Published in final edited form as: Nat Protoc. 2020 Apr 29;15(6):1922–1953. doi: 10.1038/s41596-020-0314-8

Table 2:

Troubleshooting

Step Problem Possible reason Solution
28 Unexpected cell-cycle profile

  • Hoechst too old.

  • Hoechst undergone too many freeze-thaw cycles.

 Prepare a fresh Hoechst solution.
89, 125 Low or no aRNA product on Bioanalyzer (Fig. 3a)

  • Loss of material during bead purifications.

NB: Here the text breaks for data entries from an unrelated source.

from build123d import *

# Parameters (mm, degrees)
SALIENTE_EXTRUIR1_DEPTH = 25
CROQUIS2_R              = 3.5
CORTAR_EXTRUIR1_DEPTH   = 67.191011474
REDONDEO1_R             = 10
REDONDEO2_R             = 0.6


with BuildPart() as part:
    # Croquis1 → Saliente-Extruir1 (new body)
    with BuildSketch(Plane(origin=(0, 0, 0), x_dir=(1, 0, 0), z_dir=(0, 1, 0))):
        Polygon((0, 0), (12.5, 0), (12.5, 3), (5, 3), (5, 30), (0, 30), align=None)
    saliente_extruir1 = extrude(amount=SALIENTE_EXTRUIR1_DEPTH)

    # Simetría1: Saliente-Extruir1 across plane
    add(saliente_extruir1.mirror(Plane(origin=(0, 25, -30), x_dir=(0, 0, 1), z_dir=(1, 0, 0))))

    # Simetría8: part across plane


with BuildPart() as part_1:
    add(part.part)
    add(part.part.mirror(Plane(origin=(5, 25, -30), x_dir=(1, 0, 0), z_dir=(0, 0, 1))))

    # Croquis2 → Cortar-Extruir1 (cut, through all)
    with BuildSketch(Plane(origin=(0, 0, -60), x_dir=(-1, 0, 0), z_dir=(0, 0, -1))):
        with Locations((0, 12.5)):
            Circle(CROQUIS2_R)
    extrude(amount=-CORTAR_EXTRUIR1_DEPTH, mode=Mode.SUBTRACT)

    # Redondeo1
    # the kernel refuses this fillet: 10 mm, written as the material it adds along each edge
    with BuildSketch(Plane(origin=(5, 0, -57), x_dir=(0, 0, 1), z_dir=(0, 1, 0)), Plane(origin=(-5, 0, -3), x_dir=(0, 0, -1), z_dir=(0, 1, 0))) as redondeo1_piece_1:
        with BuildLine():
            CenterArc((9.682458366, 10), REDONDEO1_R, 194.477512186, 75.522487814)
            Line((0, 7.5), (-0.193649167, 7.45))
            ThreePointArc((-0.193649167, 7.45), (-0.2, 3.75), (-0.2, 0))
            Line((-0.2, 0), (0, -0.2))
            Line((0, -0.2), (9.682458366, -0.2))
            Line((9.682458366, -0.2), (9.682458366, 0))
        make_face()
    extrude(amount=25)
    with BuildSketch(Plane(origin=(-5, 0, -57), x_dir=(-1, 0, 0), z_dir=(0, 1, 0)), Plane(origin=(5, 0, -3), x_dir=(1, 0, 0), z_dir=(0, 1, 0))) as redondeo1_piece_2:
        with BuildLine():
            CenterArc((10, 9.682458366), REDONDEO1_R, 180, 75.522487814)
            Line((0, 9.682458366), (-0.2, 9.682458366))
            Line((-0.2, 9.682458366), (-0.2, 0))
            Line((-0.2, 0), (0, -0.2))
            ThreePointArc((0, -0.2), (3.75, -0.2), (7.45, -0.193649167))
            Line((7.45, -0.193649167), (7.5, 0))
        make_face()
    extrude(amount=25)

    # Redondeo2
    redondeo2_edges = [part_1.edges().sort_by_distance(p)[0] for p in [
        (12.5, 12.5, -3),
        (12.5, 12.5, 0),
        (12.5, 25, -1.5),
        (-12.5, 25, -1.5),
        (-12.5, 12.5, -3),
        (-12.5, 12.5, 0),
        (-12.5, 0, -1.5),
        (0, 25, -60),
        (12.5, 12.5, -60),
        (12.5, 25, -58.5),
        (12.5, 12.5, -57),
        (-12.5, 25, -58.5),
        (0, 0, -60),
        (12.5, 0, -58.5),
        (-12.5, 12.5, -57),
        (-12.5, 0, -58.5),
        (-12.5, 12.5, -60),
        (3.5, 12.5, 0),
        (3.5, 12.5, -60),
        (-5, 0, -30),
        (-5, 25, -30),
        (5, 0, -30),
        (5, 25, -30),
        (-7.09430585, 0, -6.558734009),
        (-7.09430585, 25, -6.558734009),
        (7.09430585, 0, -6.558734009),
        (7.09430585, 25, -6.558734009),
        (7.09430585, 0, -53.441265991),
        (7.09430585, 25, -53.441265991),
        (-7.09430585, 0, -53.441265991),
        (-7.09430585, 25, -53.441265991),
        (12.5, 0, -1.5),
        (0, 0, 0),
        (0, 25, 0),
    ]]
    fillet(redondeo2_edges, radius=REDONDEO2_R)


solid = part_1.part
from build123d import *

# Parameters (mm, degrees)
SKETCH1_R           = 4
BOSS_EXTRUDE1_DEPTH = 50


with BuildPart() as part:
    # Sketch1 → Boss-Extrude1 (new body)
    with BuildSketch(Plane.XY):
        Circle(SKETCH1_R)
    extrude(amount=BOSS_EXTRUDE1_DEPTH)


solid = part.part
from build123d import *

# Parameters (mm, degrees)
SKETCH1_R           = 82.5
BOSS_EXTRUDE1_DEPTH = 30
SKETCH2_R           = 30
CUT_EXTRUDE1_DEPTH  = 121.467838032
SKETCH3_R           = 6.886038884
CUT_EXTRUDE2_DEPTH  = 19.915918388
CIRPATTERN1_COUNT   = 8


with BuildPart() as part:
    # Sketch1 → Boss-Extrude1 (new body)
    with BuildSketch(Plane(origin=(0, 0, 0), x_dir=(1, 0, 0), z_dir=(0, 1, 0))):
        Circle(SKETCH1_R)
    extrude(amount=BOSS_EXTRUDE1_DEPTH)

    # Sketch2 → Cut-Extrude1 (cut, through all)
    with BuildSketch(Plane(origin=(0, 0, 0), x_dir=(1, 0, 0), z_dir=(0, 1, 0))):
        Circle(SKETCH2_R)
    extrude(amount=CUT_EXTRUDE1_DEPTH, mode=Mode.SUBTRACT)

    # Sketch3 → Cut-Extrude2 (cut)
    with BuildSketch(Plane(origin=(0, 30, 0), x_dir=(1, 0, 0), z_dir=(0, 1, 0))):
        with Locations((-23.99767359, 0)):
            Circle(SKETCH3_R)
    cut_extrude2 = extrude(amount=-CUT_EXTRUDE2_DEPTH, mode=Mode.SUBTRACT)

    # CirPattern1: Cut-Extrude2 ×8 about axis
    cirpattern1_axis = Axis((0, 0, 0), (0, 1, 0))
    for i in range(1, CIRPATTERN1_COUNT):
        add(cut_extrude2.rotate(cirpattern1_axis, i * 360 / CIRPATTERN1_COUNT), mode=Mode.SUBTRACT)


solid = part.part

 Remove all ethanol before elution.
113 Increased aRNA product distribution (Fig. 3a)

  • Inefficient fragmentation

 Resuspend fragmentation buffer and make sure whole tube makes contact with the heat block during fragmentation at 94 °C.
143 Low or no library product on Bioanalyzer (Fig. 3b)

  • Loss of material during bead purifications.

  • Failed library preparation.

 Remove all ethanol before elution. Repeat library prep with leftover aRNA. Increase PCR cycles.
143 Low product (Fig. 3b)

  • High adapter/product ratio inhibits library prep.

 Bead purify the aRNA 1–2 times extra Repeat library prep.
Post data processing Low complexity

  • Too little material

  • Too many PCR cycles

  • Too deeply sequenced

 If possible, increase the number of samples in a library and decrease the number of PCR cycles. Make sure the amount of material included in a sequencing run is proportional to the expected output.
Post data processing A uniform DamID signal over the whole genome; signal is very similar to the mappable GATC density

  • Too high expression of the Dam-POI

  • Too long induction of the Dam-POI

  • Leaky induction system for Dam-POI expression

 Select a clone with lower expression levels or modify the Dam-POI construct. Optimize the time of induction of the selected clone. Ensure there is no expression of Dam-POI prior to induction.
Post data processing Little DamID signal, despite good signal in positive control

  • Too low expression of Dam-POI

  • Too short induction

 Select a clone with a higher expression level or modify the Dam-POI construct. Induce expression for a longer time.
Post data processing Sparse CEL-Seq2 data compared to DamID data

  • Low transcript content of cells

  • Transcript degradation

  • Errors in CEL-Seq2 primer plate preparation

  • Very efficient preparation and amplification of DamID material

 Include positive controls to make sure single-cell transcription data can be obtained from the material (e.g. WT control). Renew CEL-Seq2 primer plate. Optimize CEL-Seq2 primer and DamID adapter concentrations, e.g. reduce DamID adapter concentration.
Post data processing Low fraction of valid DamID reads

  • Too low expression of Dam-POI

  • Presence of many random gDNA breaks

  • High adapter contamination

 Select clone with optimal expression levels. Include negative control (e.g. WT control). Reduce adapter concentrations or perform additional bead purifications.